This should detect the correct drivers.
I am not sure if the network controller you are referring to is the wireless or the Lan.
As far as the video driver (it is under the VGA tab) select the first one on the list for XP.
Thanks,
Bill


----------



## kadziu (Apr 5, 2008)

Thanks Bill, I have tried all of it, doesnt work , it is the wireless driver, my lan is working. The wireless detects the connections but cant connect saying acquiring network address. 
What could be the reasons for this communication? Is the driver not right or is it something wrong with my config? The config is set for windows to look for connections and to find IP addresses automatically. Nothing has changed , it is really frustrating, maybe I should call Asus support. I cant seem to understand why the drivers are not working. Any suggestions would help.

Thanks
Mike


----------



## BCCOMP (Jul 9, 2007)

Hi,
Did you download the wireless utility console (under utility tab)?
the 15th one down (Wireless console utility).
The wireless card driver should be the 4th one down (under wireless tab)
You must install the wireless utility console before the wireless card!
Uninstall the wireless card driver and then install the wireless utility console.
then install the wireless card driver.
Read the readme file contained in both the wireless utility console & wireless card. This file may help you install (uninstall) the wireless card properly.
Thanks,
Bill
PS- How did you make out with the video?


----------



## kadziu (Apr 5, 2008)

Yes I did download the wireless console first and installed. I dont see any read me file in the downloaded files. Do you think I should uninstall wireless console and the driver and do it again? I was trying with a few drivers and I have indeed tried this one you mentioned as well , it did not work. 

With video, I am still struggling to download the 117 mb file ( I am getting the first one on the list in VGA, is that right ? )

Thanks Bill


----------



## kadziu (Apr 5, 2008)

I think I have also deleted the ATI Catalyst convertor. Could this be the reason why my screen is waving while scrolling down or up and the sharpness is gone.? I also cannot find the right ATI, I downloaded one but it says that it is not compatible.


----------



## BCCOMP (Jul 9, 2007)

Hi,
Can you post me a screen shot of the device manager with all the + opened?
Here is how to post a screen shot:
http://www.techsupportforum.com/content/Software/Articles/151.html
Did you happen to delete the chipset driver (Ati Radeon x1100)?
The video driver should be the first one in the list (VGA). This is the most recent. Yes this could cause your video problem.
If you deleted XP updates such as net. framework when you tried to repair the laptop, I reccommend you go online and do a full microsoft update prior to installing the drivers. Some MS updates are needed to install the drivers properly.
Also, please be sure to uninstall any driver you did install before you install a new driver.


----------



## kadziu (Apr 5, 2008)

Thanks very much, I am posting the device manager.
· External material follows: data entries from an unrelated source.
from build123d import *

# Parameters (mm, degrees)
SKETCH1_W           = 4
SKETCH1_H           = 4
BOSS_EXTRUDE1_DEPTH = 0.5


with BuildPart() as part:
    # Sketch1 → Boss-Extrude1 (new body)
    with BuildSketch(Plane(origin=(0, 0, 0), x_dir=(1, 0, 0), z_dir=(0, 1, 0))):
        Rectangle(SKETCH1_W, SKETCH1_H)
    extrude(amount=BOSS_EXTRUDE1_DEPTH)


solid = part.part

I am having a problem with downloading the vga driver , it keeps disconnecting half way through. When it comes to 76 mb , it says the file is done however it does not dowload the whole file. I am sure this is an error from the website , I have tried all the locations available.

Once you have a look at my device manager and know what else is needed , I would highly appreciate any help from your side.

thanks again


----------



## kadziu (Apr 5, 2008)

And yes , I think I deleted the ATI driver. 
Since I have deleted the ATI , obviously my desktop settings have worsened and my screen is waving when I move down or up. But I am not sure which driver should I take , maybe the screen shot will help to identify what I missing in this machine.

Thanks


----------



## kadziu (Apr 5, 2008)

I have successfully downloaded the VGA which has given me back my apprearance and screen, I have got the ATI. Now I just need to fix my wireless connection.

Cheers


----------



## BCCOMP (Jul 9, 2007)

Hi Kadziu,
Glad to hear you got the VGA Driver working!
From the look of the device manager you should be all set for the wireless to.
What is your wireless setup? if you have a modem and router have you recycled the modem and router?
Unplug both Modem and router for 1 minute. Plug in the modem first and wait 1 minute. Then plug in the router and wait 1 minute. In your wireless utility does it show your wireless connection and are you able to connect?
Please let me know.
Thanks,
Bill
PS- If unable to connect, Please post the make, model of both the Router & Modem. If it is just a wireless modem please post its make and model. Also what your ISP provider is.


----------